Program: 5 year cycle without a single citation. 15 residents/year, some categorical with CBY under guidance of anesthesia dept; some spots are for advanced program. Simply gigantic hospital system that continues to grow...you either will rotate or have the chance to rotate thru 7 or 8 hospitals (several of those are interconnected via skywalk or tunnel); there's gonna be a brand new peds hospital that will be stand-alone and a mile or so away from the main mega-plex. Simulator center space that is INCREDIBLE, and they report having something like 63 mannequins at their disposal for teaching.
Training covers everything that you could possible ask about - liver/heart/pancreas/small bowel/multi-visceral/double lung transplants, OB thru the roof, regional opportunities that allowed one resident to get over 600 blocks during his 3 anesthesia years. They report over 100,000 anesthetics per year, which is the greatest number I have heard over the course of 10 anesthesiology interviews (Cleveland Clinic was next highest at 80,000+). Critical Care mecca, with a stand-alone critical care medicine department...seems like you just have to name something and say "critical care unit" after it, and Pitt has it - liver transplant CCU, PICU, NICU, Neuro ICU, Trauma ICU, MICU, Cardiac ICU, etc.

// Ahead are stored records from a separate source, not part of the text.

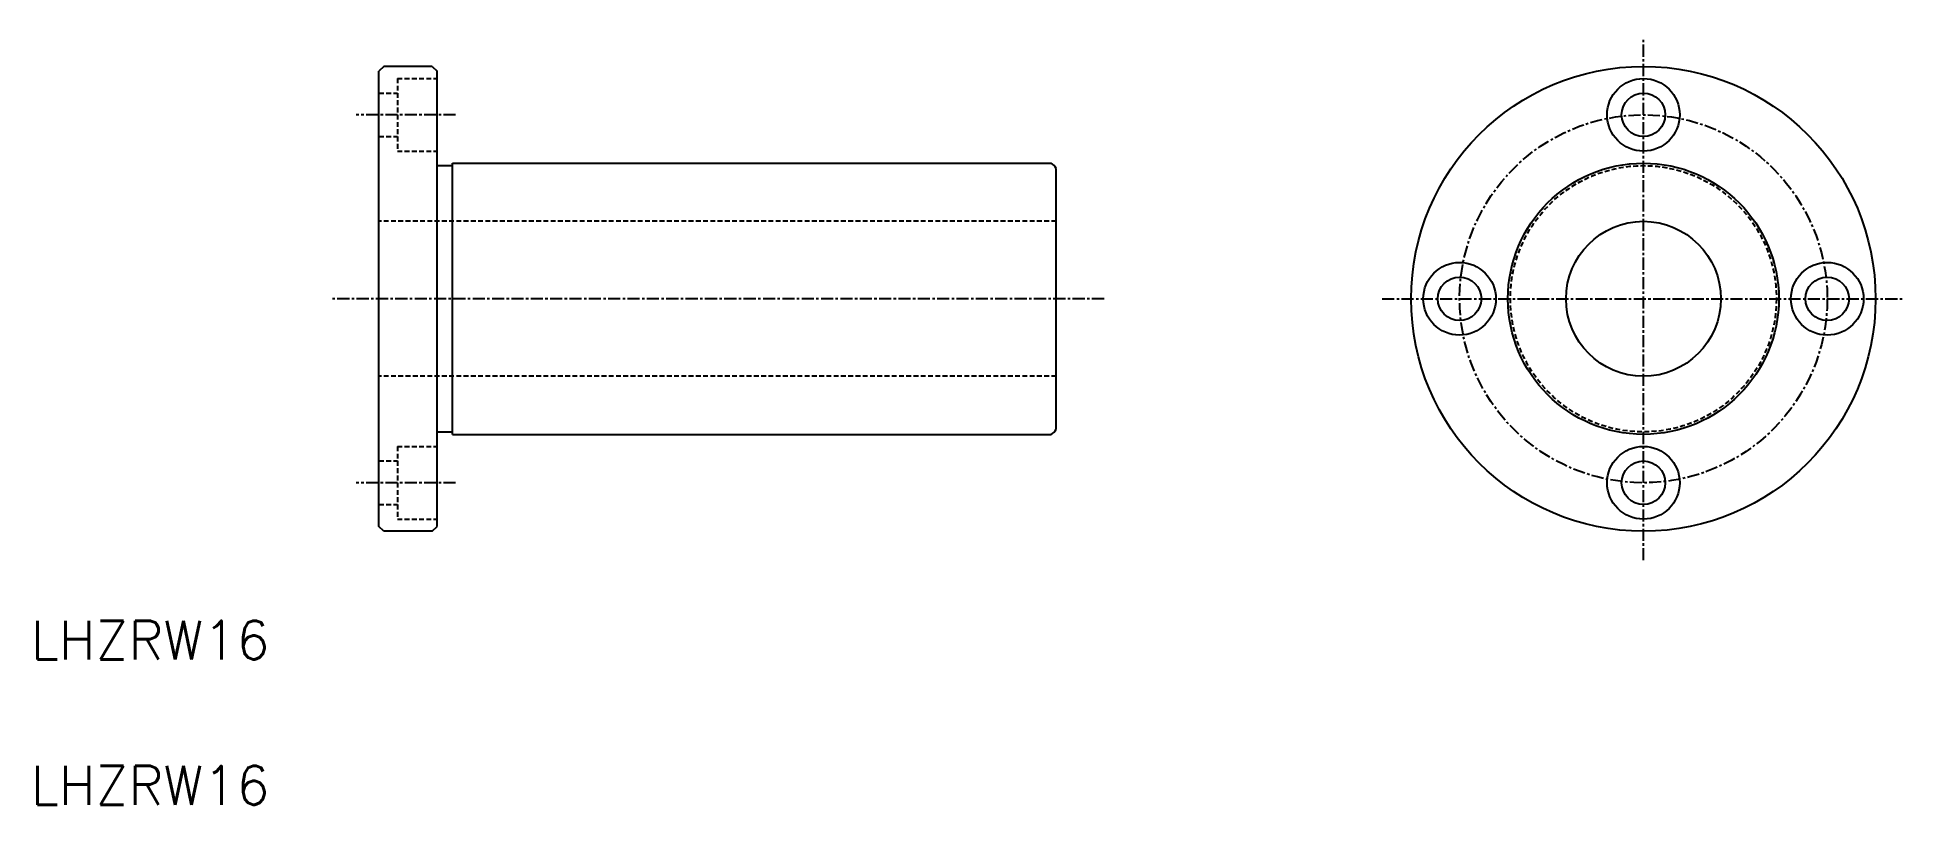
# Model space of a CAD drawing. Extents: x 280 to 473, y 136 to 215.
import ezdxf

# ---------------------------------------------------------------- set-up
doc = ezdxf.new("R2010")
doc.units = 0
doc.linetypes.add('CENTER', pattern=[2, 1.25, -0.25, 0.25, -0.25])
doc.linetypes.add('DASHED', pattern=[0.75, 0.5, -0.25])
doc.layers.get('0').update_dxf_attribs({"linetype": 'CONTINUOUS'})
doc.layers.add('CENTER', color=1, linetype='CENTER')
doc.styles.get("Standard").update_dxf_attribs({"font": 'txt.shx', "bigfont": 'bigfont.shx'})

msp = doc.modelspace()

# ---------------------------------------------------------------- linework, layer by layer
at = {"color": 7, "linetype": 'CONTINUOUS'}
for p, q in [((315.44, 212.47), (314.94, 211.97)), ((320.44, 212.47), (315.44, 212.47)), ((320.44, 212.47), (320.94, 211.97)), ((314.94, 164.97), (314.94, 211.97)), ((320.94, 164.97), (320.94, 211.97)), ((320.94, 202.22), (322.54, 202.22)), ((322.54, 202.47), (384.4, 202.47)), ((322.54, 174.47), (322.54, 202.47)), ((384.94, 175.01), (384.94, 201.92)), ((320.94, 174.72), (322.54, 174.72)), ((322.54, 174.47), (384.4, 174.47)), ((336.57, 174.47), (336.57, 174.47)), ((352.19, 174.47), (352.2, 174.47)), ((315.44, 164.47), (314.94, 164.97)), ((320.44, 164.47), (315.44, 164.47)), ((320.44, 164.47), (320.94, 164.97))]:
    msp.add_line(p, q, dxfattribs=at)
at = {"color": 3, "linetype": 'DASHED'}
for p, q in [((316.84, 211.22), (316.84, 203.72)), ((316.84, 211.22), (320.94, 211.22)), ((314.94, 209.72), (316.84, 209.72)), ((314.94, 205.22), (316.84, 205.22)), ((316.84, 203.72), (320.94, 203.72)), ((384.94, 196.47), (314.94, 196.47)), ((384.94, 180.47), (314.94, 180.47)), ((316.84, 173.22), (316.84, 165.72)), ((316.84, 173.22), (320.94, 173.22)), ((314.94, 171.72), (316.84, 171.72)), ((314.94, 167.22), (316.84, 167.22)), ((316.84, 165.72), (320.94, 165.72))]:
    msp.add_line(p, q, dxfattribs=at)
at = {"color": 7, "linetype": 'CONTINUOUS'}
for centre, radius in [((445.62, 188.47), 24), ((445.62, 207.47), 3.75), ((445.62, 207.47), 2.25), ((445.62, 188.47), 14), ((445.62, 188.47), 8), ((426.62, 188.47), 3.75), ((464.62, 188.47), 3.75), ((426.62, 188.47), 2.25), ((464.62, 188.47), 2.25), ((445.62, 169.47), 3.75), ((445.62, 169.47), 2.25)]:
    msp.add_circle(centre, radius, dxfattribs=at)
at = {"color": 3, "linetype": 'DASHED'}
msp.add_circle((445.62, 188.47), 13.75, dxfattribs=at)
at = {"color": 7, "linetype": 'CONTINUOUS'}
for centre, start, end in [((383.79, 201.32), 27.7958, 62.2042), ((383.79, 175.62), 297.7958, 332.2042)]:
    msp.add_arc(centre, 1.3, start, end, dxfattribs=at)
at = {"layer": 'CENTER', "color": 1, "linetype": 'CENTER'}
for p, q in [((445.62, 161.47), (445.62, 215.47)), ((322.86, 207.47), (312.6, 207.47)), ((389.88, 188.47), (310.04, 188.47)), ((418.62, 188.47), (472.62, 188.47)), ((322.86, 169.47), (312.6, 169.47))]:
    msp.add_line(p, q, dxfattribs=at)
msp.add_circle((445.62, 188.47), 19, dxfattribs=at)

# ---------------------------------------------------------------- texts
at = {"color": 7, "linetype": 'CONTINUOUS'}
for p in [(278.95, 151.23), (278.95, 136.23)]:
    msp.add_text('LHZRW16', height=4, dxfattribs=at).set_placement(p)

doc.saveas('drawing.dxf')

- CA1 and CA2 done thru general and various subspecialty rotations
- CA3 year done via elective; ACGME just gave them the okay to do a two month elective in Palermo, Italy, and there are plans to set something else up in Qatar or Dubai
- CBY year: gives 4 wks vacation. Must do 2 mo CCM (Q4 call w/post call day off), 1 mo anesthesia, 1 mo acute pain, 1 mo EM, 1 mo cardio consult (no call), 2 mo medicine (Q10 call), 2 mo surgery (no overnight call), 1 mo elective, and 1 mo peds EM.
Call: I admit I didn't take great notes on this - don't know if it's 24 hour call (I think it's only 16 hrs, but not sure) - but call works out to be something like Q6d, and a weekend day or two per month. No one would pin down hours in specific, but around 55-60 is what I got when doing the math.
Education: lectures at least once/week, periodic PBL, and rotation specific lectures. There are mock orals even as CA1 and 2's (and of course as 3's); there are also reviews done after each subspecialty rotation. The program director said he insists on being called or paged if you are not given relief from your OR at the time of a scheduled lecture. My impression was very strong commitment to education of residents."